▸ **DATA**
******************************

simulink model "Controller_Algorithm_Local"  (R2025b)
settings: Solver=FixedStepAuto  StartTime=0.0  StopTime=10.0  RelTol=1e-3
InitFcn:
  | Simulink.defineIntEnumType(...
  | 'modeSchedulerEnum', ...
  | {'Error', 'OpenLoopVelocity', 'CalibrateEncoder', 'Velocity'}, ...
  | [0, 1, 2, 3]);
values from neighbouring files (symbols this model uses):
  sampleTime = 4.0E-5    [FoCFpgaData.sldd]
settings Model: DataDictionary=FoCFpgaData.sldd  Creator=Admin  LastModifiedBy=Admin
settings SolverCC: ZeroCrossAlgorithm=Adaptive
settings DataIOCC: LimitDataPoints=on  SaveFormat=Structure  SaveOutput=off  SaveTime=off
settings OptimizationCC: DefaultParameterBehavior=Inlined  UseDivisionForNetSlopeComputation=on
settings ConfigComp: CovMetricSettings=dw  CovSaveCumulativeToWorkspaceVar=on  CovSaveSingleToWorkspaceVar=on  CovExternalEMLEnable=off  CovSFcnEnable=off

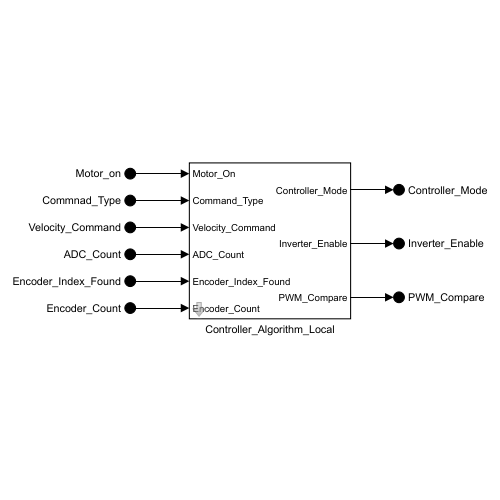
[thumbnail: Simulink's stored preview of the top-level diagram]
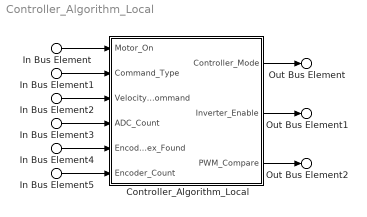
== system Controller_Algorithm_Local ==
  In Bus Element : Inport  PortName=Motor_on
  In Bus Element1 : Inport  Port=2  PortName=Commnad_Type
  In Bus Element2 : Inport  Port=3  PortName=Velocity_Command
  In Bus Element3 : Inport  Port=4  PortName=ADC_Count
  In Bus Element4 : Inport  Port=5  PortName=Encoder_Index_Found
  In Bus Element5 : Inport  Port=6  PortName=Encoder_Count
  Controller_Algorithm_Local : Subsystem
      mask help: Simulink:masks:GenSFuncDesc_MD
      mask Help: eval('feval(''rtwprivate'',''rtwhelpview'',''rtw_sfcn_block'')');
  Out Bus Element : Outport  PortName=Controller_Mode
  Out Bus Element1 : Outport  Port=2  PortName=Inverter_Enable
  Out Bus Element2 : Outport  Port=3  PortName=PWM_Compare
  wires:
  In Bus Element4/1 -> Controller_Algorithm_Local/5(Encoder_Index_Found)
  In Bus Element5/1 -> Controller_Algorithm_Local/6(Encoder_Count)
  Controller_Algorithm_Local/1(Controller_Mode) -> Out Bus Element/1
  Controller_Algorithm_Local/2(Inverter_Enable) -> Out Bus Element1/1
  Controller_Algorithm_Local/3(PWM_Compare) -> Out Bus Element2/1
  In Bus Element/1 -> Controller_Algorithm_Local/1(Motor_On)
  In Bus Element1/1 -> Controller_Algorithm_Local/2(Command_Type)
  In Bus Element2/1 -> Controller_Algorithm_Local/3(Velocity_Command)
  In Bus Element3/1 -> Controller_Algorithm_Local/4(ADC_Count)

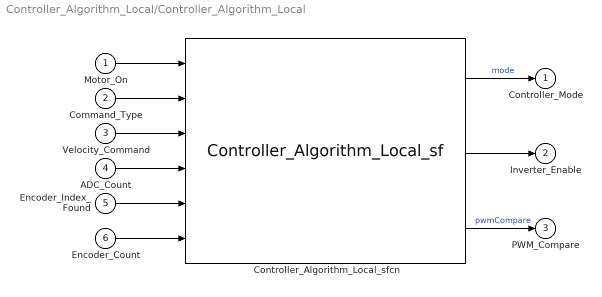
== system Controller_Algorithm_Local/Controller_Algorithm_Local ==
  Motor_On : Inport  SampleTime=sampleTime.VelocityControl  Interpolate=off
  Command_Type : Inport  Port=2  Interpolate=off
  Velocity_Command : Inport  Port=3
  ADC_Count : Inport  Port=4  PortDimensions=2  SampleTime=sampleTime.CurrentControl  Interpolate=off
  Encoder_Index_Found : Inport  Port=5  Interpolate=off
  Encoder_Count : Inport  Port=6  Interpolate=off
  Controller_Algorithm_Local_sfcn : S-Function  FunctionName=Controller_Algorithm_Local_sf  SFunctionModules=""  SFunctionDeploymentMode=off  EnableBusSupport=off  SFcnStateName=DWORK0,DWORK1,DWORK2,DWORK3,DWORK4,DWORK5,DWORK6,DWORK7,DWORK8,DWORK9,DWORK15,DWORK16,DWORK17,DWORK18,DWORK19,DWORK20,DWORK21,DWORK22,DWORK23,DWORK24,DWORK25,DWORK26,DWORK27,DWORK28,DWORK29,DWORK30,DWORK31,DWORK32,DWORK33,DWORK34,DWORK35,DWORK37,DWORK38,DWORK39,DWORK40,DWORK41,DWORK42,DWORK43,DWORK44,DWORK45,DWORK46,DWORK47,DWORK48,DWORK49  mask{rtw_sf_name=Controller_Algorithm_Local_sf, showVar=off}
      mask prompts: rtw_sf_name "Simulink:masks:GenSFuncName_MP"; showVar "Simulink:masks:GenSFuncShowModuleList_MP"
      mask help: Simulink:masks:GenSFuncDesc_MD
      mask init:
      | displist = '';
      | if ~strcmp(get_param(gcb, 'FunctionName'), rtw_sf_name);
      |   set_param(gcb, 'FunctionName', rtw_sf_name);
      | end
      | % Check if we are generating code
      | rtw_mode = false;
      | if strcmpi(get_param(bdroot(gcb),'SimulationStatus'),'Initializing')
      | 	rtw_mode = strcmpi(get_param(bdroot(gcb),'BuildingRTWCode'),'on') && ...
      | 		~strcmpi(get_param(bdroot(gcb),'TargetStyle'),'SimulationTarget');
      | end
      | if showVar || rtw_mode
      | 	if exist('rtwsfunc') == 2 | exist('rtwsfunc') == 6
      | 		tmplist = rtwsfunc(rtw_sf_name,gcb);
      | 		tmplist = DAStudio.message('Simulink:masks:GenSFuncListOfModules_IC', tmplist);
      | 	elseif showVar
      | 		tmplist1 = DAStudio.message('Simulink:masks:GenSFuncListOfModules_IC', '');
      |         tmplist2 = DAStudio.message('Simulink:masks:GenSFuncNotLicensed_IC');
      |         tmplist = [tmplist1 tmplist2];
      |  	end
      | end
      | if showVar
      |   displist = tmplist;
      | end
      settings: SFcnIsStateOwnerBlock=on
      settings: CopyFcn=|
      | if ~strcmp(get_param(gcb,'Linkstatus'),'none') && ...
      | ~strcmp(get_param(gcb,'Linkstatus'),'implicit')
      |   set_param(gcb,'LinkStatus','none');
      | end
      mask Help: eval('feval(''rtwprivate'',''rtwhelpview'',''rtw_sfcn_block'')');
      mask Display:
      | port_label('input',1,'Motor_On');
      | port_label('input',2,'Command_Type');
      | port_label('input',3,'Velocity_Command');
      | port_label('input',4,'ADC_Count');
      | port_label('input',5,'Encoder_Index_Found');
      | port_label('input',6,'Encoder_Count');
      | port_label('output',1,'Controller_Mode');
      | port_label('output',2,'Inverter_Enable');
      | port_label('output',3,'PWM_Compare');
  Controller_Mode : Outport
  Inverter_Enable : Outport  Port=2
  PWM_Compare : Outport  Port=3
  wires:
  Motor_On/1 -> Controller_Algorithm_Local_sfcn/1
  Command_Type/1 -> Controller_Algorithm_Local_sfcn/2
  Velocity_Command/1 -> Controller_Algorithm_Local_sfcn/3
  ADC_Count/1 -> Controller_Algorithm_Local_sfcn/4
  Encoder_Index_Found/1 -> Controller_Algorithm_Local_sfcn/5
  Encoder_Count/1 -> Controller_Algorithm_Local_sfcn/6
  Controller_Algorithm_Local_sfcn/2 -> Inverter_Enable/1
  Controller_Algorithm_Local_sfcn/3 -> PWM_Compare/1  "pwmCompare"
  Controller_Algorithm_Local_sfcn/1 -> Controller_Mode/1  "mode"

******************************

▸ **WHAT YOU HAVE TO DO**
Beginning at the first line of the records, give again each line exactly as written, ending with the line that contains "settings OptimizationCC: DefaultParameterBehavior=Inlined".

▸ **ANSWER**
simulink model "Controller_Algorithm_Local"  (R2025b)
settings: Solver=FixedStepAuto  StartTime=0.0  StopTime=10.0  RelTol=1e-3
InitFcn:
  | Simulink.defineIntEnumType(...
  | 'modeSchedulerEnum', ...
  | {'Error', 'OpenLoopVelocity', 'CalibrateEncoder', 'Velocity'}, ...
  | [0, 1, 2, 3]);
values from neighbouring files (symbols this model uses):
  sampleTime = 4.0E-5    [FoCFpgaData.sldd]
settings Model: DataDictionary=FoCFpgaData.sldd  Creator=Admin  LastModifiedBy=Admin
settings SolverCC: ZeroCrossAlgorithm=Adaptive
settings DataIOCC: LimitDataPoints=on  SaveFormat=Structure  SaveOutput=off  SaveTime=off
settings OptimizationCC: DefaultParameterBehavior=Inlined  UseDivisionForNetSlopeComputation=on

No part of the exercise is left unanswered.